Ausgeprägte Trockenphasen stellen zwar nicht grundsätzlich ein Problem für die Rebe dar, denn sie ist ein genügsamer Organismus. Doch wenn in den entscheidenden Wachstumsphasen zu großer Wasserstress herrscht, wirkt sich dies negativ auf die Qualität und auf die Erntemenge aus. Auch ein Zuviel an Wasser zum falschen Zeitpunkt führt zu verminderter Traubenqualität.  Zudem ist angesichts der drohenden Verknappung der Ressource Wasser in vielen Gebieten eine Bewässerung nicht nachhaltig möglich. Für ein ökologisches Qualitätsmanagment im Weinbau ist eine optimierte Wasserwirtschaft daher von größter Wichtigkeit. Das Gleichgewicht zu finden, ist eine anspruchsvolle Aufgabe, da dieses von unzähligen, in der folgenden Abbildung dargestellten Faktoren beeinflusst wird (Abb.1).

Abb.1 Der Wasserhaushalt im Weinberg wird durch zahlreiche Faktoren beeinflusst

Wasser als Motor pflanzlichen Wachstums

Wasser übernimmt in der Rebe wie in allen Pflanzen eine Vielzahl von Funktionen und stellt auch mengenmäßig das wichtigste Molekül dar.

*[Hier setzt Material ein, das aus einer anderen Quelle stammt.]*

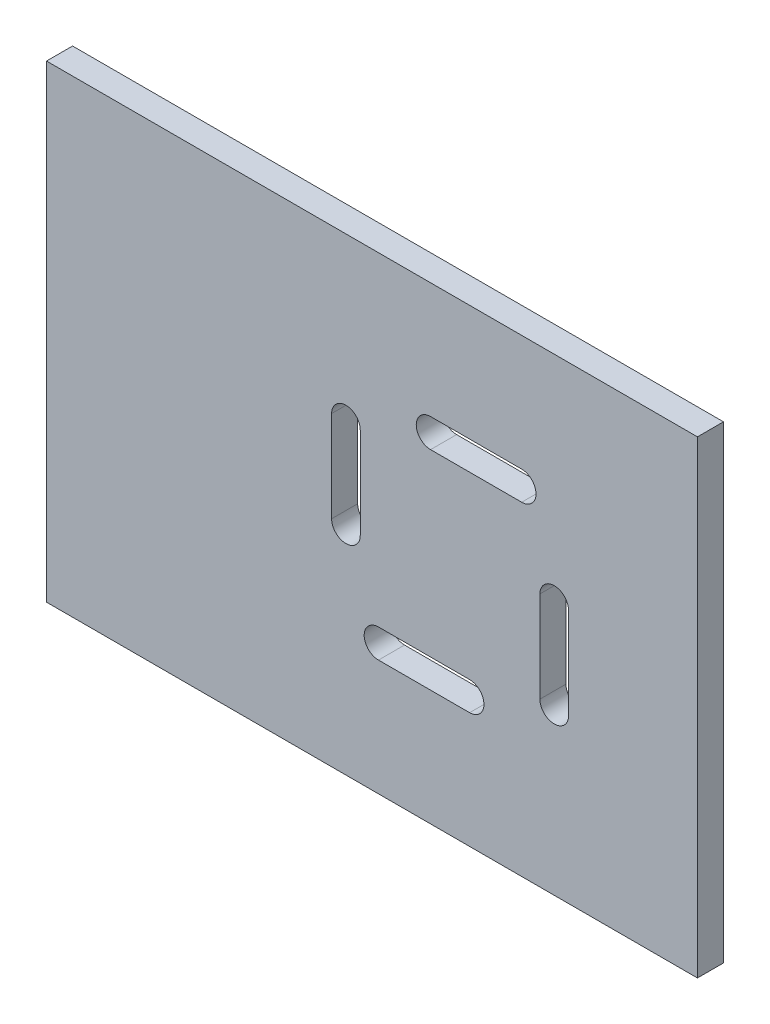
from build123d import *

# Parameters (mm, degrees)
SKETCH1_W           = 250
SKETCH1_H           = 180
BOSS_EXTRUDE1_DEPTH = 10
CUT_EXTRUDE1_DEPTH  = 10
CIRPATTERN1_COUNT   = 4


with BuildPart() as part:
    # Sketch1 → Boss-Extrude1 (new body)
    with BuildSketch(Plane.XY):
        with Locations((75, -50)):
            Rectangle(SKETCH1_W, SKETCH1_H)
    extrude(amount=BOSS_EXTRUDE1_DEPTH)

    # Sketch2 → Cut-Extrude1 (cut)
    with BuildSketch(Plane.XY.offset(10)):
        with BuildLine():
            Line((70.5, -22.5), (70.5, -57.5))
            ThreePointArc((70.5, -57.5), (65, -63), (59.5, -57.5))
            Line((59.5, -57.5), (59.5, -22.5))
            ThreePointArc((59.5, -22.5), (65, -17), (70.5, -22.5))
        make_face()
    cut_extrude1 = extrude(amount=-CUT_EXTRUDE1_DEPTH, mode=Mode.SUBTRACT)

    # CirPattern1: Cut-Extrude1 ×4 about axis
    cirpattern1_axis = Axis((105, -50, 0), (0, 0, 1))
    for i in range(1, CIRPATTERN1_COUNT):
        add(cut_extrude1.rotate(cirpattern1_axis, i * 360 / CIRPATTERN1_COUNT), mode=Mode.SUBTRACT)


solid = part.part
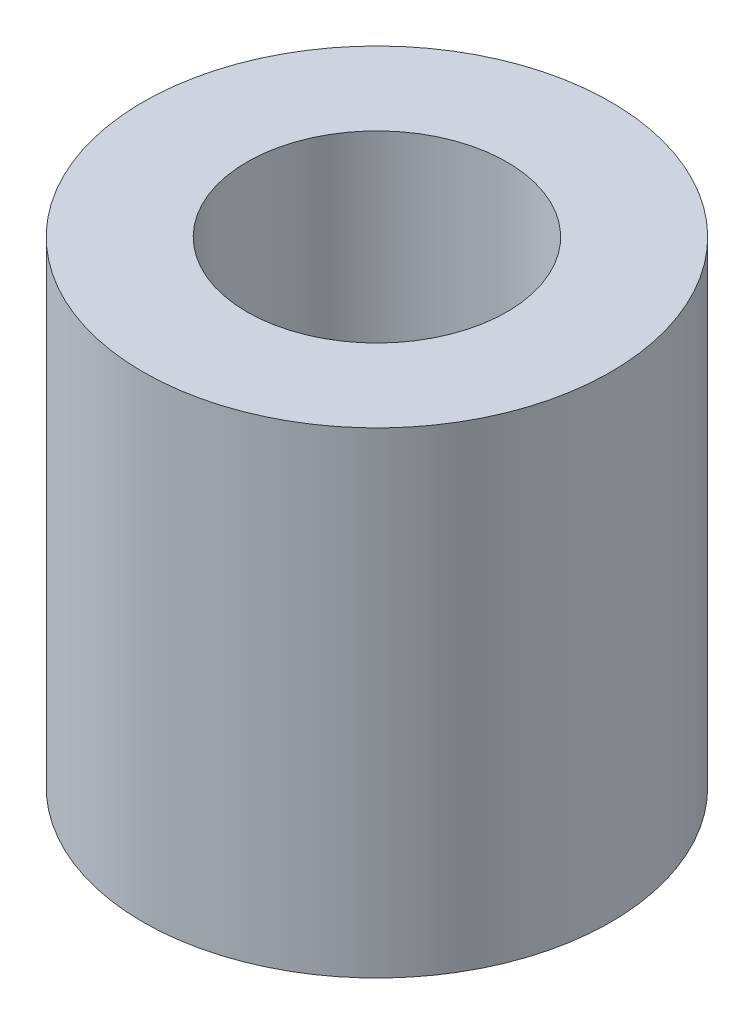
from build123d import *

# Parameters (mm, degrees)
SKETCH2_R           = 2.7
SKETCH2_R_2         = 1.5
BOSS_EXTRUDE1_DEPTH = 5.5


with BuildPart() as part:
    # Sketch2 → Boss-Extrude1 (new body)
    with BuildSketch(Plane(origin=(0, 0, 0), x_dir=(1, 0, 0), z_dir=(0, 1, 0))):
        Circle(SKETCH2_R)
        Circle(SKETCH2_R_2, mode=Mode.SUBTRACT)
    extrude(amount=BOSS_EXTRUDE1_DEPTH)


solid = part.part

So enthält beispielsweise das grüne Pflanzengewebe meist 80 - 90 % Wasser. Die wässrige Lösung im Pflanzengewebe sorgt für die Regulierung des Zelldrucks (Turgor), der wiederum die Stabilität von unverholzten Pflanzenteilen wie Blättern oder Stengeln aufrecht erhält. Bei Wachstumsprozessen ist neben der Zellteilung oftmals auch die Vergrößerung der Zellen durch Wasseraufnahme beteiligt. Dies gilt insbesondere für die Weinbeere und andere saftreiche Früchte. Praktisch alle Stoffwechselprozesse der Rebe laufen im Wasser des Zellplasmas ab. Wasser ist darüber hinaus direkt bei chemischen Reaktionen in der Pflanze beteiligt, so auch beim Prozess der Photosynthese, bei der mit der Hilfe von Sonnenlicht und Wasser Kohlendioxid zu Zucker aufgebaut wird. Der Sauerstoff, welcher durch die Pflanzen ausgestoßen wird, stammt also ursprünglich aus Wassermolekülen und nicht, wie man annehmen könnte, aus dem CO2.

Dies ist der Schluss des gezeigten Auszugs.